Coordinator: Daniele Santoni
Description
BioSys is an interdisciplinary research unit designing and applying computational methods to complex biological systems.
Research Activities
BIOLOGICAL NETWORKS
Using graph theory to investigate and extract information in complex biological networks.
BIOLOGICAL PROCESSES
New approaches and problems are studied to identify altered biological processes related to pathologies, environmental damage or drug effects. For this purpose transcriptomic and genomics data are analyzed, through statistics, machine learning and systems biology techniques.
IMMUNOINFORMATICS
Analysis of pathogen and self peptides: distance from self, MHC class I binding, proteasome cleavage, TAP transport, sequence composition entropy and Peptide Hamming Networks to identify potential T-cell epitopes.

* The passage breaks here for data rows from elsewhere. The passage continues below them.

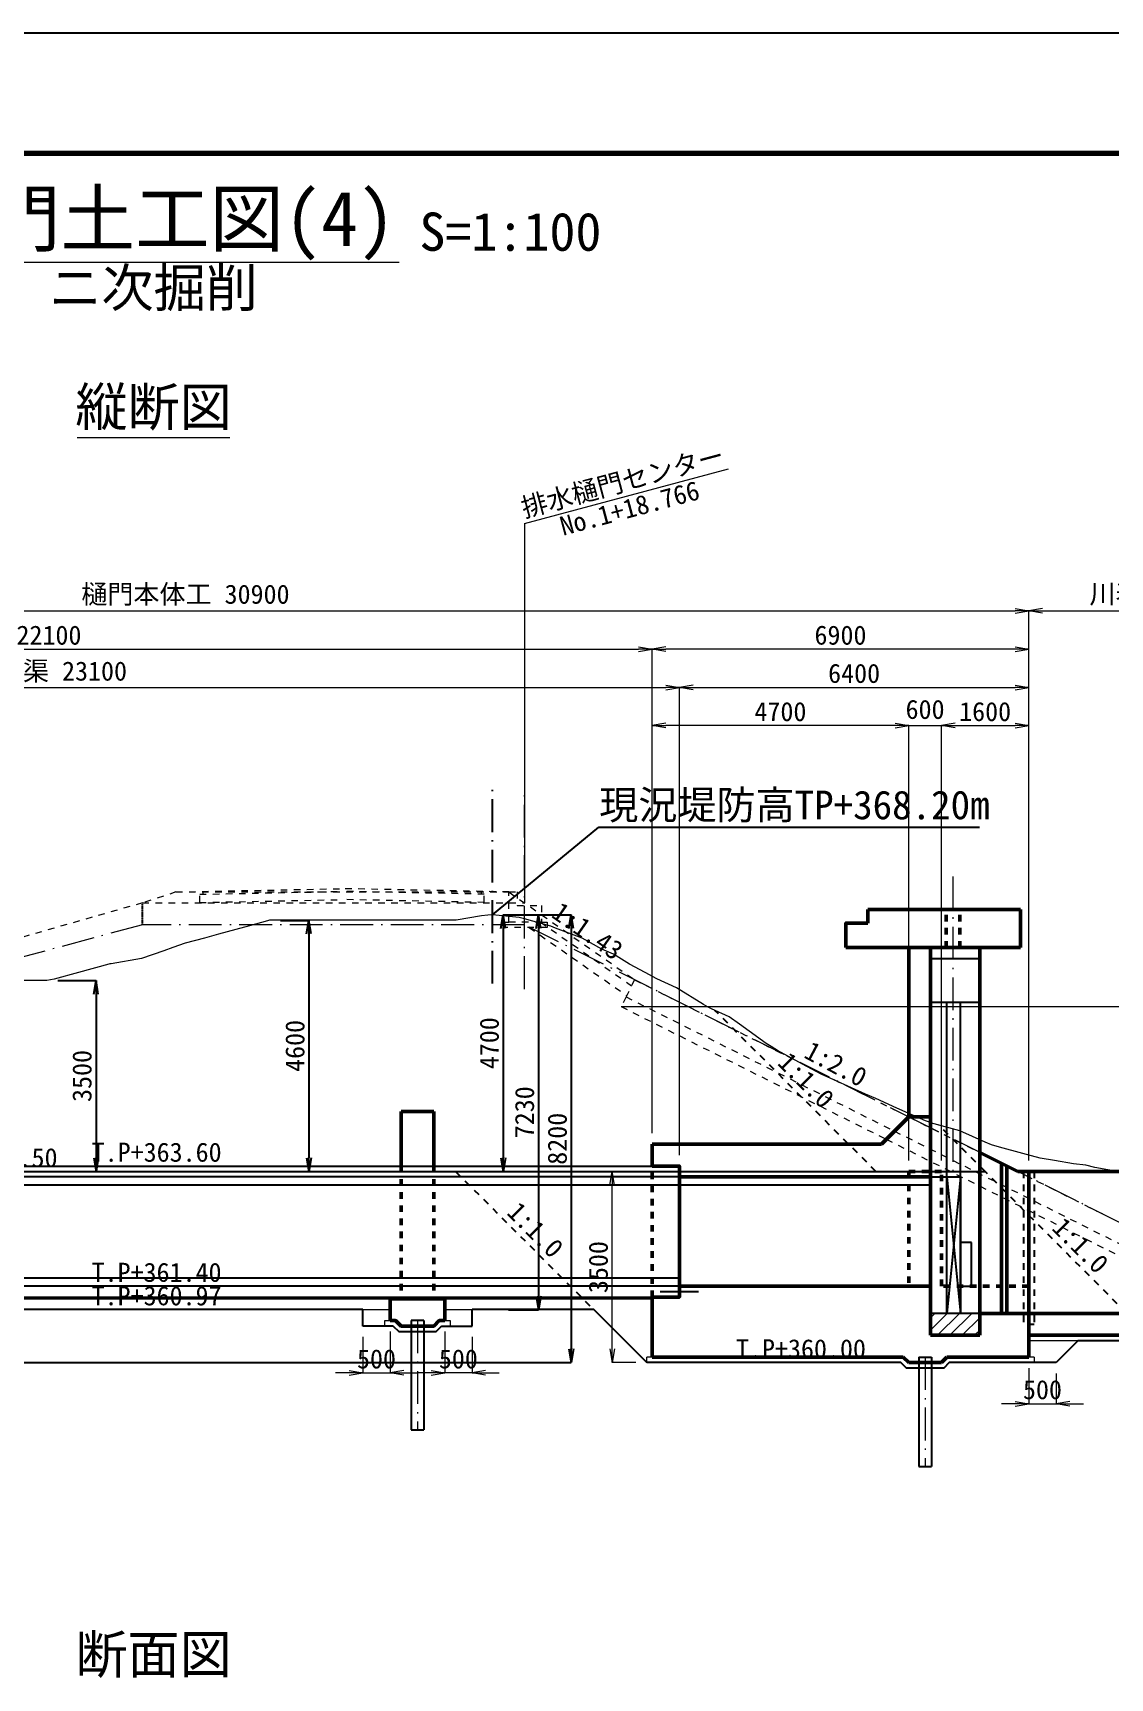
# Model space of a CAD drawing. Header units: millimetres. Extents: x 604133 to 1296463, y 247237 to 595748.
# Drawn here: x 1138747 to 1158481, y 276508 to 306637 of the extents above; entities that cross this region are included whole.
import ezdxf
from ezdxf.enums import TextEntityAlignment as Align

# ---------------------------------------------------------------- set-up
doc = ezdxf.new("R2010")
doc.units = ezdxf.units.MM
doc.header["$LTSCALE"] = 100
doc.header["$PDSIZE"] = 300
for name, pattern in [('56301', [0.5, 0.25, -0.25]), ('SXF_一点短鎖線', [9.25, 6, -1.5, 0.25, -1.5]), ('SXF_跳び破線', [12, 6, -6])]:
    doc.linetypes.add(name, pattern=pattern)
doc.layers.get('Defpoints').update_dxf_attribs({"color": 153})
for name, color, linetype, lineweight in [('D-BGD', 7, 'Continuous', 13), ('D-BMK', 2, 'SXF_一点短鎖線', 13), ('D-BYP-STR1', 2, 'Continuous', 13), ('D-BYP-STR3', 2, 'Continuous', 13), ('D-BYP-STR4', 6, 'Continuous', 25), ('D-BYP-STR6', 2, 'SXF_一点短鎖線', 13), ('D-BYP-STR7', 2, 'Continuous', 13), ('D-BYP-STR8', 150, 'Continuous', 25), ('D-STR', 1, 'Continuous', 50), ('D-STR-DIM', 7, 'Continuous', 13), ('D-STR-HTXT', 7, 'Continuous', 13), ('D-STR-STR7', 4, 'Continuous', 25), ('D-STR-STR8', 6, 'Continuous', 25), ('D-STR-TXT', 7, 'Continuous', 13), ('D-TTL', 2, 'Continuous', 140), ('D-TTL-LINE', 7, 'Continuous', 13), ('D-TTL-TXT', 7, 'Continuous', 13)]:
    doc.layers.add(name, color=color, linetype=linetype, lineweight=lineweight)
doc.layers.add('D-WORK_1', color=11, linetype='Continuous', plot=False)
doc.styles.add('MS ゴシック', font='MS Gothic.ttf')
doc.styles.add('YOKO_GOTHIC', font='MS Gothic.ttf')
doc.styles.add('ＭＳ ゴシック', font='MS Gothic.ttf')
doc.dimstyles.new('DIM-100-F', dxfattribs={"dimscale": 100, "dimtxt": 3.5, "dimasz": 2.5, "dimexe": 0, "dimexo": 2, "dimgap": 0.8, "dimtad": 1, "dimdec": 0, "dimzin": 0, "dimdsep": 46, "dimtxsty": 'MS ゴシック', "dimblk": 'OPEN', "dimcen": 0.1, "dimclrd": 256, "dimclre": 256, "dimclrt": 256, "dimaunit": 1, "dimadec": 4, "dimazin": 0, "dimtfac": 1, "dimtdec": 0, "dimtmove": 2, "dimatfit": 3, "dimldrblk": 'OPEN', "dimfxl": 1, "dimtolj": 1, "dimtzin": 0, "dimlwd": -1, "dimlwe": -1, "dimarcsym": 2})

# ---------------------------------------------------------------- blocks, each defined once
blk = doc.blocks.new('_Open')
at = {"color": 0, "linetype": 'ByBlock', "lineweight": -2}
for p, q in [((-1, 0.17), (0, 0)), ((-1, -0.17), (0, 0)), ((0, 0), (-1, 0))]:
    blk.add_line(p, q, dxfattribs=at)
blk = doc.blocks.new('*D271')
at = {"layer": 'D-STR-DIM', "ltscale": 0.2, "transparency": 16777216}
for p, q in [((1150091, 286485), (1150091, 293951)), ((1154541, 293951), (1150341, 293951)), ((1154791, 285985), (1154791, 293951))]:
    blk.add_line(p, q, dxfattribs=at)
at = {"layer": 'Defpoints', "color": 0, "ltscale": 0.2, "transparency": 16777216}
for p in [(1150091, 293951), (1150091, 286285), (1154791, 285785)]:
    blk.add_point(p, dxfattribs=at)
at = {"layer": 'D-STR-DIM', "ltscale": 0.2, "transparency": 16777216, "xscale": 250, "yscale": 250, "zscale": 250, "rotation": 180}
blk.add_blockref('_Open', (1150091, 293951), dxfattribs=at)
at = {"layer": 'D-STR-DIM', "ltscale": 0.2, "transparency": 16777216, "xscale": 250, "yscale": 250, "zscale": 250}
blk.add_blockref('_Open', (1154791, 293951), dxfattribs=at)
at = {"layer": 'D-STR-DIM', "ltscale": 0.2, "transparency": 16777216, "insert": (1152441, 294206), "char_height": 350, "attachment_point": 5, "style": 'MS ゴシック'}
blk.add_mtext('\\A1;4700', dxfattribs=at)
blk = doc.blocks.new('*D244')
at = {"layer": 'D-STR-DIM', "ltscale": 0.2, "transparency": 16777216}
for p, q in [((1150091, 286485), (1150091, 295351)), ((1156741, 295351), (1150341, 295351)), ((1156991, 285985), (1156991, 295351))]:
    blk.add_line(p, q, dxfattribs=at)
at = {"layer": 'Defpoints', "color": 0, "ltscale": 0.2, "transparency": 16777216}
for p in [(1150091, 295351), (1150091, 286285), (1156991, 285785)]:
    blk.add_point(p, dxfattribs=at)
at = {"layer": 'D-STR-DIM', "ltscale": 0.2, "transparency": 16777216, "xscale": 250, "yscale": 250, "zscale": 250, "rotation": 180}
blk.add_blockref('_Open', (1150091, 295351), dxfattribs=at)
at = {"layer": 'D-STR-DIM', "ltscale": 0.2, "transparency": 16777216, "xscale": 250, "yscale": 250, "zscale": 250}
blk.add_blockref('_Open', (1156991, 295351), dxfattribs=at)
at = {"layer": 'D-STR-DIM', "ltscale": 0.2, "transparency": 16777216, "insert": (1153541, 295606), "char_height": 350, "attachment_point": 5, "style": 'MS ゴシック'}
blk.add_mtext('\\A1;6900', dxfattribs=at)
blk = doc.blocks.new('*D247')
at = {"layer": 'D-STR-DIM', "ltscale": 0.2, "transparency": 16777216}
for p, q in [((1126091, 286985), (1126091, 296051)), ((1126341, 296051), (1156741, 296051)), ((1156991, 285985), (1156991, 296051))]:
    blk.add_line(p, q, dxfattribs=at)
at = {"layer": 'Defpoints', "color": 0, "ltscale": 0.2, "transparency": 16777216}
for p in [(1156991, 296051), (1126091, 286785), (1156991, 285785)]:
    blk.add_point(p, dxfattribs=at)
at = {"layer": 'D-STR-DIM', "ltscale": 0.2, "transparency": 16777216, "xscale": 250, "yscale": 250, "zscale": 250, "rotation": 180}
blk.add_blockref('_Open', (1126091, 296051), dxfattribs=at)
at = {"layer": 'D-STR-DIM', "ltscale": 0.2, "transparency": 16777216, "xscale": 250, "yscale": 250, "zscale": 250}
blk.add_blockref('_Open', (1156991, 296051), dxfattribs=at)
at = {"layer": 'D-STR-DIM', "ltscale": 0.2, "transparency": 16777216, "insert": (1141541, 296339), "char_height": 350, "attachment_point": 5, "style": 'MS ゴシック'}
blk.add_mtext('\\A1;樋門本体工 30900', dxfattribs=at)
blk = doc.blocks.new('*D248')
at = {"layer": 'D-STR-DIM', "ltscale": 0.2, "transparency": 16777216}
for p, q in [((1156991, 285985), (1156991, 296051)), ((1157241, 296051), (1162541, 296051)), ((1162791, 285985), (1162791, 296051))]:
    blk.add_line(p, q, dxfattribs=at)
at = {"layer": 'Defpoints', "color": 0, "ltscale": 0.2, "transparency": 16777216}
for p in [(1162791, 296051), (1156991, 285785), (1162791, 285785)]:
    blk.add_point(p, dxfattribs=at)
at = {"layer": 'D-STR-DIM', "ltscale": 0.2, "transparency": 16777216, "xscale": 250, "yscale": 250, "zscale": 250, "rotation": 180}
blk.add_blockref('_Open', (1156991, 296051), dxfattribs=at)
at = {"layer": 'D-STR-DIM', "ltscale": 0.2, "transparency": 16777216, "xscale": 250, "yscale": 250, "zscale": 250}
blk.add_blockref('_Open', (1162791, 296051), dxfattribs=at)
at = {"layer": 'D-STR-DIM', "ltscale": 0.2, "transparency": 16777216, "insert": (1159891, 296344), "char_height": 350, "attachment_point": 5, "style": 'MS ゴシック'}
blk.add_mtext('\\A1;川表翼壁工 5800', dxfattribs=at)
blk = doc.blocks.new('*D253')
at = {"layer": 'D-STR-DIM', "transparency": 16777216}
for p, q in [((1127491, 286085), (1127491, 294651)), ((1127741, 294651), (1150341, 294651)), ((1150591, 286085), (1150591, 294651))]:
    blk.add_line(p, q, dxfattribs=at)
at = {"layer": 'Defpoints', "color": 0, "transparency": 16777216}
for p in [(1150591, 294651), (1127491, 285885), (1150591, 285885)]:
    blk.add_point(p, dxfattribs=at)
at = {"layer": 'D-STR-DIM', "transparency": 16777216, "xscale": 250, "yscale": 250, "zscale": 250, "rotation": 180}
blk.add_blockref('_Open', (1127491, 294651), dxfattribs=at)
at = {"layer": 'D-STR-DIM', "transparency": 16777216, "xscale": 250, "yscale": 250, "zscale": 250}
blk.add_blockref('_Open', (1150591, 294651), dxfattribs=at)
at = {"layer": 'D-STR-DIM', "transparency": 16777216, "insert": (1139041, 294931), "char_height": 350, "attachment_point": 5, "style": 'MS ゴシック'}
blk.add_mtext('\\A1;PC函渠 23100', dxfattribs=at)
blk = doc.blocks.new('*D254')
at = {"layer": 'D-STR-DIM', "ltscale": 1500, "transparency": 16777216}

MATHEMATICAL MODELING IN SYSTEMS BIOLOGY
Multiscale integrated models of cell metabolism, growth and cycle in yeast, parameter identification of kinetic metabolic models, constraint based analysis of metabolic networks (MFA, FBA, C13-MFA), stochastic modeling (CME) of tumour growth and epidemic diffusion.
OMICS DATA
Analysis of genomics, transcriptomics, metabolomics and proteomics data through the development and application of computational and mathematical approaches.
REGULATION OF GENE EXPRESSION
Analysis of Transcription Factors, chromatin structure, nucleosome occupancy and epigenetics data to investigate and understand the mechanisms underlying altered gene expression in human disease.
VIRUS MUTATION TRAJECTORY
Using information theory to investigate virus evolution and identification of potential clusters of mutation through NGS data.